> _REQUIREMENT_
Copies of all lines that contain "Generator" are needed; take them from the data below.

> _Stored records_

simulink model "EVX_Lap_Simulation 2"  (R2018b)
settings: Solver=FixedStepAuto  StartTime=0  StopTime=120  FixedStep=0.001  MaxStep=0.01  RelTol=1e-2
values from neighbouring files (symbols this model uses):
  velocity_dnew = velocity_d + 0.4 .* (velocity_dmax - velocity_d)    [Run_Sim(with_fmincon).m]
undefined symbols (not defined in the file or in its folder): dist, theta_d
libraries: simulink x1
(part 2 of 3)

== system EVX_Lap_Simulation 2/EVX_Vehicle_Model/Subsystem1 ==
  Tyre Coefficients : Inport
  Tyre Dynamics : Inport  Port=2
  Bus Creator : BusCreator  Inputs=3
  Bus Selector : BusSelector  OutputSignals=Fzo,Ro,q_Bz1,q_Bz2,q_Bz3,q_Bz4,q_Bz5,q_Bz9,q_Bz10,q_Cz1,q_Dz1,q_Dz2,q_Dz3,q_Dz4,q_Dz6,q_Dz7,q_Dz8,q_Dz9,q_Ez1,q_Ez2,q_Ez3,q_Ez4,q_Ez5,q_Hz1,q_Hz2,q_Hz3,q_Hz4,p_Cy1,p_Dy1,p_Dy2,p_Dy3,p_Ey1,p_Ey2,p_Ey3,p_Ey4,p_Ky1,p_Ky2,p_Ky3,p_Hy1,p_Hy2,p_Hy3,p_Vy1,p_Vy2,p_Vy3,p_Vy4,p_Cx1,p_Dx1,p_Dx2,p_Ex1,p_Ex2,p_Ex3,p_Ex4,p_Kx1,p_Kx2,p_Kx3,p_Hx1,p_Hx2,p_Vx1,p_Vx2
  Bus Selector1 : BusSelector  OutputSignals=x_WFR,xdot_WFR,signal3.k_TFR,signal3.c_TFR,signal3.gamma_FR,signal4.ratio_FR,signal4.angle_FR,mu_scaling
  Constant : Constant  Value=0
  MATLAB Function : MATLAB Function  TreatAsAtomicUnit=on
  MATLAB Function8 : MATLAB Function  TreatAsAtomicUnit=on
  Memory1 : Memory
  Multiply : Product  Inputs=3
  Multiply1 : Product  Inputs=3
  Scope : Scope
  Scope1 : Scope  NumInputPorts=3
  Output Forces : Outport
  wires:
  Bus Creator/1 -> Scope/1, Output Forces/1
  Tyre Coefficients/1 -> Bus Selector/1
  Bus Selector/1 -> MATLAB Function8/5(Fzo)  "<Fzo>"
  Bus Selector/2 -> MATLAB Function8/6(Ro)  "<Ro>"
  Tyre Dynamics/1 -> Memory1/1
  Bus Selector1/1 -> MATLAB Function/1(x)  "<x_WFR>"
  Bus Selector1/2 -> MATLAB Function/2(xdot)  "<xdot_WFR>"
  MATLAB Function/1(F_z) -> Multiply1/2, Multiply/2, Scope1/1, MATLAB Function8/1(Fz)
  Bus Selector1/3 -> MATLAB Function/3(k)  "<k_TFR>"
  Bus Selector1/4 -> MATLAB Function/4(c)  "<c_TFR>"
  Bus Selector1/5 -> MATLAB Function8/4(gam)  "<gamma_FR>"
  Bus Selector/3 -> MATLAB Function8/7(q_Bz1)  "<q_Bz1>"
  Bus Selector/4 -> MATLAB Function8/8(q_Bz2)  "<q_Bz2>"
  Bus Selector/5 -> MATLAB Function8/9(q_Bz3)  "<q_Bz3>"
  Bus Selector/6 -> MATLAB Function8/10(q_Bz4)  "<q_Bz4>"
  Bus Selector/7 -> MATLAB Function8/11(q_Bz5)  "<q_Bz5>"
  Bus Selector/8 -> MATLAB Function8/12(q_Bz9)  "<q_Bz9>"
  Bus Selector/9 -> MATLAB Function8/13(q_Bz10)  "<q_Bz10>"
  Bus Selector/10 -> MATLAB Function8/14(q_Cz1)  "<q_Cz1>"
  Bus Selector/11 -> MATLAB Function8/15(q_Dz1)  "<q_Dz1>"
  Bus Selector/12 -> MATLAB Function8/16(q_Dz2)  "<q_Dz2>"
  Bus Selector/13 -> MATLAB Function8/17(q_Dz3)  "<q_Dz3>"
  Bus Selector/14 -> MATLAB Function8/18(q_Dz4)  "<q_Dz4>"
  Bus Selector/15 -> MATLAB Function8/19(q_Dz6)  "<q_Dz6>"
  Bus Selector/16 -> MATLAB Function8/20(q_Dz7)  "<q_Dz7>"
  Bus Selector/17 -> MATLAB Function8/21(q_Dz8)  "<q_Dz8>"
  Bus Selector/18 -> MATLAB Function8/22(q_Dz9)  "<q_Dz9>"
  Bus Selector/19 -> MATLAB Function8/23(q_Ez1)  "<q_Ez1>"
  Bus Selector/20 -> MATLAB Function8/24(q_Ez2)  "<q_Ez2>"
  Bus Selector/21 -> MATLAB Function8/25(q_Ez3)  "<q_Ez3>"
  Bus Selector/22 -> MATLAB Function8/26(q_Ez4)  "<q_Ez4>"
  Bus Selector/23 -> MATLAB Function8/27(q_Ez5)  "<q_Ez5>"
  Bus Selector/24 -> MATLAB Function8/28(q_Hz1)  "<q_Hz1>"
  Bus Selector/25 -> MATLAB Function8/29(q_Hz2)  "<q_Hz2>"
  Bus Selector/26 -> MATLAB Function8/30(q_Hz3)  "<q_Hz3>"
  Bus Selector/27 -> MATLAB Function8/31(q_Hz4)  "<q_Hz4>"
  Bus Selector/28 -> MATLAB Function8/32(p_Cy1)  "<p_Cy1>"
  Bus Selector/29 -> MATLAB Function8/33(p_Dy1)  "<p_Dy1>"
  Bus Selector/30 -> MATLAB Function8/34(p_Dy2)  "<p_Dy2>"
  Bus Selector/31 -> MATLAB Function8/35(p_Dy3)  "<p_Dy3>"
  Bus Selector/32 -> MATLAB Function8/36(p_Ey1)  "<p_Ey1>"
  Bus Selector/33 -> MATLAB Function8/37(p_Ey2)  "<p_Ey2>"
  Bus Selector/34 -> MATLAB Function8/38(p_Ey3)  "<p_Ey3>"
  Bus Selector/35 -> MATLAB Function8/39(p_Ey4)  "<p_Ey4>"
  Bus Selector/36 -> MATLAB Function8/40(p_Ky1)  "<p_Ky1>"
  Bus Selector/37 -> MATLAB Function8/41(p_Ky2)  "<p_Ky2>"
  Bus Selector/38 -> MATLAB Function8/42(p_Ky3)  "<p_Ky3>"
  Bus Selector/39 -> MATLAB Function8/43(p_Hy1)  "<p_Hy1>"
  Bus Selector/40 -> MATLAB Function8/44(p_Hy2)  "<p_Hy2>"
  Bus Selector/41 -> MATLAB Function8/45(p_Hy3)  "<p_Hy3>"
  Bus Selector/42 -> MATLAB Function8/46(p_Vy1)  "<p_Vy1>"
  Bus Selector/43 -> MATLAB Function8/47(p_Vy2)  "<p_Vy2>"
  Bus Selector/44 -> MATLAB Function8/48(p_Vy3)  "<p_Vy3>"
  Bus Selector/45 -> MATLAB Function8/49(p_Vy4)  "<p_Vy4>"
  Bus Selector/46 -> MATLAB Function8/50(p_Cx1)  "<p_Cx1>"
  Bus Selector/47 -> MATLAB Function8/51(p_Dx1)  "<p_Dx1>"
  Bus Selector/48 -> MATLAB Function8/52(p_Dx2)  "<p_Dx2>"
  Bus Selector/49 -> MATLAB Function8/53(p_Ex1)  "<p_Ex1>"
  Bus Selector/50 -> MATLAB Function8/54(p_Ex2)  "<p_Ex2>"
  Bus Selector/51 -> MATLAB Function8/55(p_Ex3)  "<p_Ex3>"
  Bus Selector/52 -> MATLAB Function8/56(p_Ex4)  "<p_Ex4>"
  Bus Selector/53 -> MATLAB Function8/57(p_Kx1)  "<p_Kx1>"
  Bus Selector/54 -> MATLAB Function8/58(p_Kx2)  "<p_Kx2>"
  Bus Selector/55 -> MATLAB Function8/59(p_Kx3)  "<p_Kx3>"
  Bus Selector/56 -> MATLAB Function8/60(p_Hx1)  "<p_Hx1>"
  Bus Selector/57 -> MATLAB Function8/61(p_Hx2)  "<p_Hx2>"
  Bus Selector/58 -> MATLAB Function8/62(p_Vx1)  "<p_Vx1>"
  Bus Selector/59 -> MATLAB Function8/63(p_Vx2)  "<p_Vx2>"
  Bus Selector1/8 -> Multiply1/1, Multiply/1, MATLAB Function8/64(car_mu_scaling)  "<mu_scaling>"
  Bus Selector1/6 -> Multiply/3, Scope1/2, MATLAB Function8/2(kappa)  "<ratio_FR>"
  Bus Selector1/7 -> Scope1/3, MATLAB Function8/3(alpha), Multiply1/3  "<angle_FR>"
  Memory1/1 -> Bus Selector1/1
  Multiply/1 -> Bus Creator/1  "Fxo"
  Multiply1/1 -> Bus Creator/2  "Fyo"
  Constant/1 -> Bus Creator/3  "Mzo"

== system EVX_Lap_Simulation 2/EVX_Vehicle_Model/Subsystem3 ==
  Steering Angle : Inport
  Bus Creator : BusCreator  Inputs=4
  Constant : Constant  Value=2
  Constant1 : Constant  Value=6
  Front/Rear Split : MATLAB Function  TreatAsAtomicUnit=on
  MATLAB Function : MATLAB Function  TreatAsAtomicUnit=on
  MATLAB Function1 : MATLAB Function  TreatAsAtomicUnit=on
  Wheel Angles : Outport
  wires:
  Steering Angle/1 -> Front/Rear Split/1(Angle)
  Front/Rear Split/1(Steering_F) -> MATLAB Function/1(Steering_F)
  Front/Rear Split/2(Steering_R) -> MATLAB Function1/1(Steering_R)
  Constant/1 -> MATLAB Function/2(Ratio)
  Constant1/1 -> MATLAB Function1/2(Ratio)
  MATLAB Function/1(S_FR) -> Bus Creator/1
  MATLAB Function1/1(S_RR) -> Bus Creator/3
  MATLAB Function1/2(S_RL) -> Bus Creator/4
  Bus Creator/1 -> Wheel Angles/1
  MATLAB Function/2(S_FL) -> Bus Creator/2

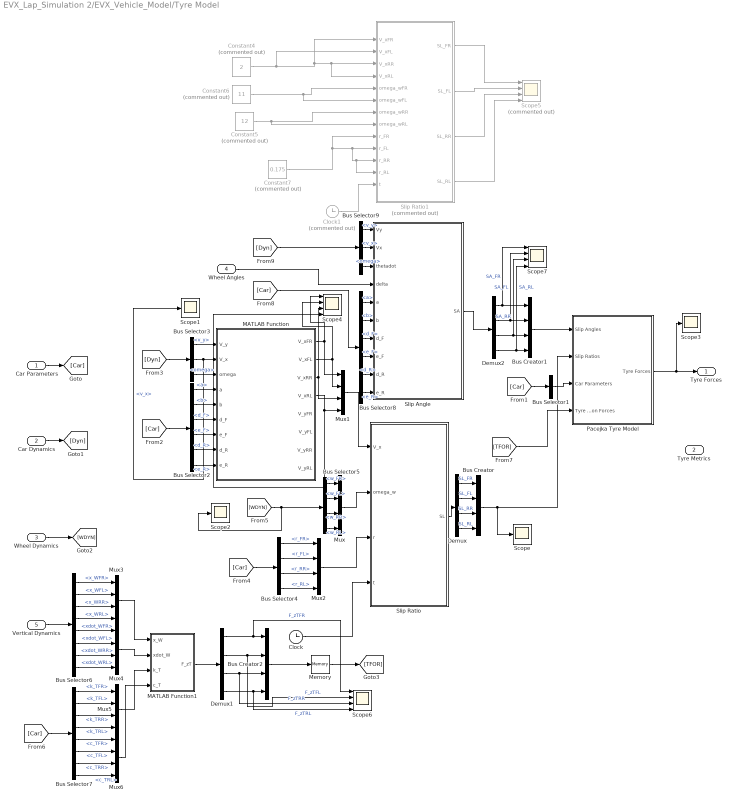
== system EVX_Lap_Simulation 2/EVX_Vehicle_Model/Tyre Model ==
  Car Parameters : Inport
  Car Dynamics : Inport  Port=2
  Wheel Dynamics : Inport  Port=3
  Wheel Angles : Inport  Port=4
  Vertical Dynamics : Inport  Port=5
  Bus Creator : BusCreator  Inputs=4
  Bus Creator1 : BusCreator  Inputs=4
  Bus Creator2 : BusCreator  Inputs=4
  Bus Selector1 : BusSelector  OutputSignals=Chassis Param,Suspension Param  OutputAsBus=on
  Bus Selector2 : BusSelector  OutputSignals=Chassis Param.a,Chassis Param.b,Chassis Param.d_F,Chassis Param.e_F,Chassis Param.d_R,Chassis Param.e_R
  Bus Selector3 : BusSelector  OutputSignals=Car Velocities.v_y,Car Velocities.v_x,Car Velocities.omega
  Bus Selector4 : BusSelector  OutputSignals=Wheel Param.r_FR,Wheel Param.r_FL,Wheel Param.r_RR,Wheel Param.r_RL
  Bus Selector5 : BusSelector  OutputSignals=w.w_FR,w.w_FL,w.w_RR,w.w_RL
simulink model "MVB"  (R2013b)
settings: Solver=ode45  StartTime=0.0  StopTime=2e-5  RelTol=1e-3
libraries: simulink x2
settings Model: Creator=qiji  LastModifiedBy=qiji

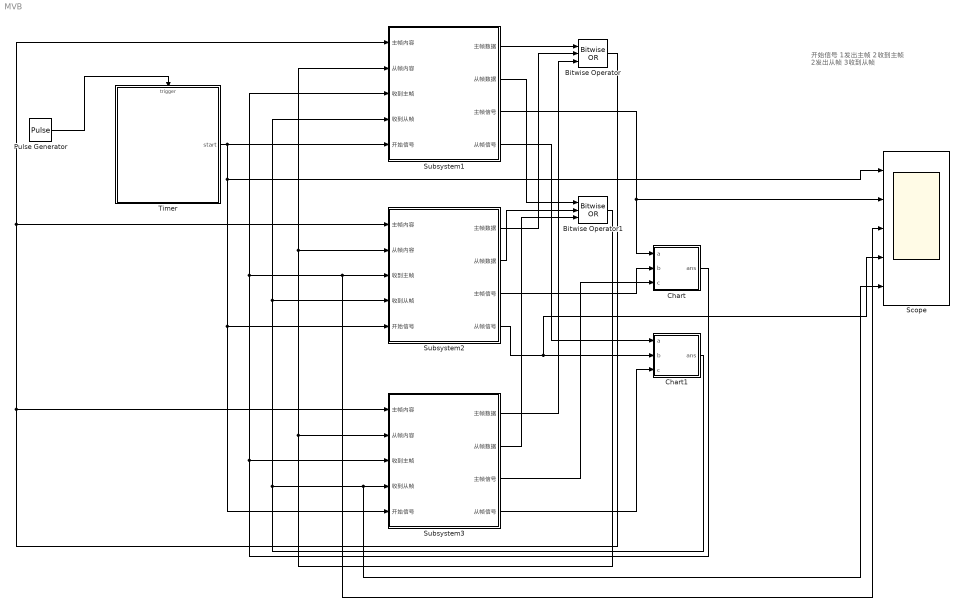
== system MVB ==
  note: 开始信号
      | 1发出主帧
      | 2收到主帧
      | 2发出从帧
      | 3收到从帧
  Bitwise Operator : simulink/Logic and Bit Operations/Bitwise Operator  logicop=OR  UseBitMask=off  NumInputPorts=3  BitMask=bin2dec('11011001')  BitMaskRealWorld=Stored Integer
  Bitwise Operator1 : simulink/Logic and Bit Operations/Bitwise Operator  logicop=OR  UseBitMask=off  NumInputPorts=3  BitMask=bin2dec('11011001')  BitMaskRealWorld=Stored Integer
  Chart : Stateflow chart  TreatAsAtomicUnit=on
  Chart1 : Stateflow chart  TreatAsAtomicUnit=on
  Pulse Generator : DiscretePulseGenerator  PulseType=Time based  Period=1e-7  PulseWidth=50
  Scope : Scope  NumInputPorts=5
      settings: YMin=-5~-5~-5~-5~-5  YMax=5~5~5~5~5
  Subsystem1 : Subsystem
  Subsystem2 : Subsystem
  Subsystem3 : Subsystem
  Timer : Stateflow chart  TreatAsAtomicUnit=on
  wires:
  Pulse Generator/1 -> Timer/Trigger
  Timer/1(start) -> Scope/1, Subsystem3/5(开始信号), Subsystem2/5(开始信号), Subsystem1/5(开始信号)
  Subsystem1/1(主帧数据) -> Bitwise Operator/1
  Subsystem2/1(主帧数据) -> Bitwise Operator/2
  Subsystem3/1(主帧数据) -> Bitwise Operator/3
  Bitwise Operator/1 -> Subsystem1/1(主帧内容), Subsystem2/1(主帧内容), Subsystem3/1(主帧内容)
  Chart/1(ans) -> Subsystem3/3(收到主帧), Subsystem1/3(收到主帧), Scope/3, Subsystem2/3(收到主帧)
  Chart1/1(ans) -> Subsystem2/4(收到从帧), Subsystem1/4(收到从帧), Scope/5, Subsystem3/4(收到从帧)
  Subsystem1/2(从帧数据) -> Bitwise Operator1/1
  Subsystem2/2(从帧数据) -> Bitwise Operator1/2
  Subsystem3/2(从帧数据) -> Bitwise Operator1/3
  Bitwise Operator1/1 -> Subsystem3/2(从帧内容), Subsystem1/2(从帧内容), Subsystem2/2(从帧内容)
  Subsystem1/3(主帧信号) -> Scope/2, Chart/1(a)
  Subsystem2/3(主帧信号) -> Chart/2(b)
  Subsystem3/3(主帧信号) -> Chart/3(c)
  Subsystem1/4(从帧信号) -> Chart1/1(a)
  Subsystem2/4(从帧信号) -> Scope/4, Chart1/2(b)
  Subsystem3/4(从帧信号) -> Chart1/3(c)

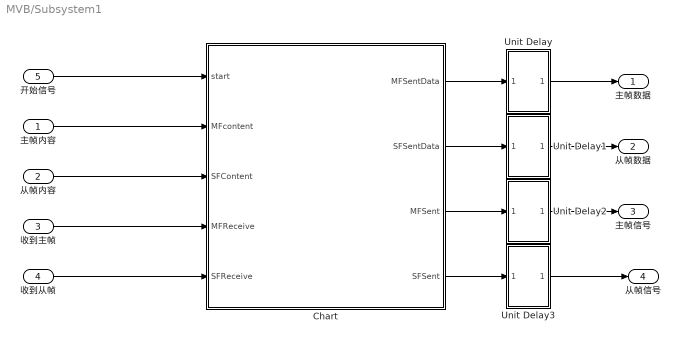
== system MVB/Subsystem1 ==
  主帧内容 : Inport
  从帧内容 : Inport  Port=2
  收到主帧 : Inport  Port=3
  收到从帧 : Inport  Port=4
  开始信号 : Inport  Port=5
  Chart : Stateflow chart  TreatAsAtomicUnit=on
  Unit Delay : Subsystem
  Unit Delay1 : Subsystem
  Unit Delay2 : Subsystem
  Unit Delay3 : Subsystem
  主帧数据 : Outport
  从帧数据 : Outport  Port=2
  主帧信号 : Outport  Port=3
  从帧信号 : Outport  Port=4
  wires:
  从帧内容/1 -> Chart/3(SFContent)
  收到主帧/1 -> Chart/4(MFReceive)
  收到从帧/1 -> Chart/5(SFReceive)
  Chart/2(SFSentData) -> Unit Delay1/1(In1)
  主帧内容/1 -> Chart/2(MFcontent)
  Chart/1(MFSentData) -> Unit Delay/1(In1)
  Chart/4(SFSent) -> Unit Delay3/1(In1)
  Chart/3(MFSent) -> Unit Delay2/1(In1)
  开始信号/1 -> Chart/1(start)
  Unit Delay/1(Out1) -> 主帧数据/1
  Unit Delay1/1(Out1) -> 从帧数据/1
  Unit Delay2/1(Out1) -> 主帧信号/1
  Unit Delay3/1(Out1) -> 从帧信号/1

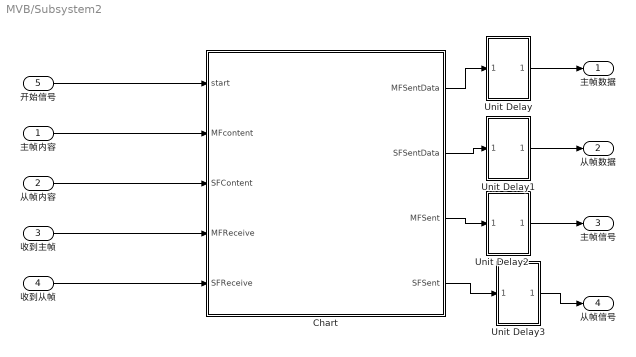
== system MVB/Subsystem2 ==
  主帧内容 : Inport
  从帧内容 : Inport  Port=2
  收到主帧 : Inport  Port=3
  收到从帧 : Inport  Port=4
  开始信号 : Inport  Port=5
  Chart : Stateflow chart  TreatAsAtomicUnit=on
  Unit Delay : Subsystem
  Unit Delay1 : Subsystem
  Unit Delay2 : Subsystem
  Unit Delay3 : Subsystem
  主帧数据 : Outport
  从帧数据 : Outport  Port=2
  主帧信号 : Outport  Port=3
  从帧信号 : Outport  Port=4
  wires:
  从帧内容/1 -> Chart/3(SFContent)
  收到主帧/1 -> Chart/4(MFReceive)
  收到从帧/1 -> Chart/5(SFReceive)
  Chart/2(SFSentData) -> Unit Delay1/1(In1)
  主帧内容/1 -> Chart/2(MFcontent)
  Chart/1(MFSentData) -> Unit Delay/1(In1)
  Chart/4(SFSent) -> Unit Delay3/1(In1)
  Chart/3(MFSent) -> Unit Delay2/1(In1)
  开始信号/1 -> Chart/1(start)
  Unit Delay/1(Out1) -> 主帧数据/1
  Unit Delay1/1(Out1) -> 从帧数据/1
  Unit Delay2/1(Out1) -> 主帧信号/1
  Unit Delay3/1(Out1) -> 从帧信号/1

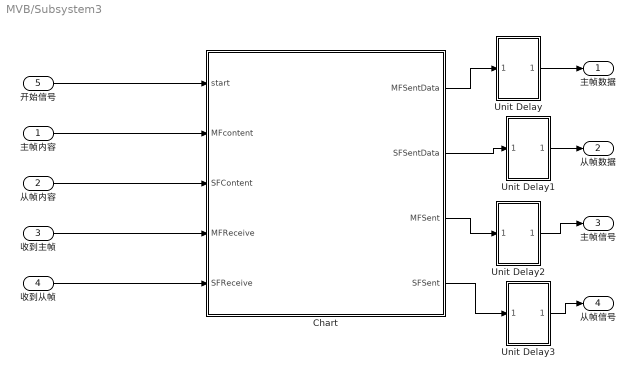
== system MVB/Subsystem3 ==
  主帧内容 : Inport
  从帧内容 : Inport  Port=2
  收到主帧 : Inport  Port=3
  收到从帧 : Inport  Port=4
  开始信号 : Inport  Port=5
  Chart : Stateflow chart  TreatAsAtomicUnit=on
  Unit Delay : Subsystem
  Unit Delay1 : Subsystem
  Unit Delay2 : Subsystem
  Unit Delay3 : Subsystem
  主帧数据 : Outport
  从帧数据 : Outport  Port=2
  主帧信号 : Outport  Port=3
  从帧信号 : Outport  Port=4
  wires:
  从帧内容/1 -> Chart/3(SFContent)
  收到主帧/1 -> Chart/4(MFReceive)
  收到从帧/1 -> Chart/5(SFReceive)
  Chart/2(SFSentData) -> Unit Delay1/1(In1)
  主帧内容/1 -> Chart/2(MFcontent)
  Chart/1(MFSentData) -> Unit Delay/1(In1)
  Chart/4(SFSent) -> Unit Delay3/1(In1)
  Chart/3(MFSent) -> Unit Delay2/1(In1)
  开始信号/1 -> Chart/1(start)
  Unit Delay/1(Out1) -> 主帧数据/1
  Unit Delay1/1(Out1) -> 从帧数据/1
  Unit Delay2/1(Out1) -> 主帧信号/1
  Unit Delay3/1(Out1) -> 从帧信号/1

> _RESPONSE AREA_
  Pulse Generator : DiscretePulseGenerator  PulseType=Time based  Period=1e-7  PulseWidth=50
  Pulse Generator/1 -> Timer/Trigger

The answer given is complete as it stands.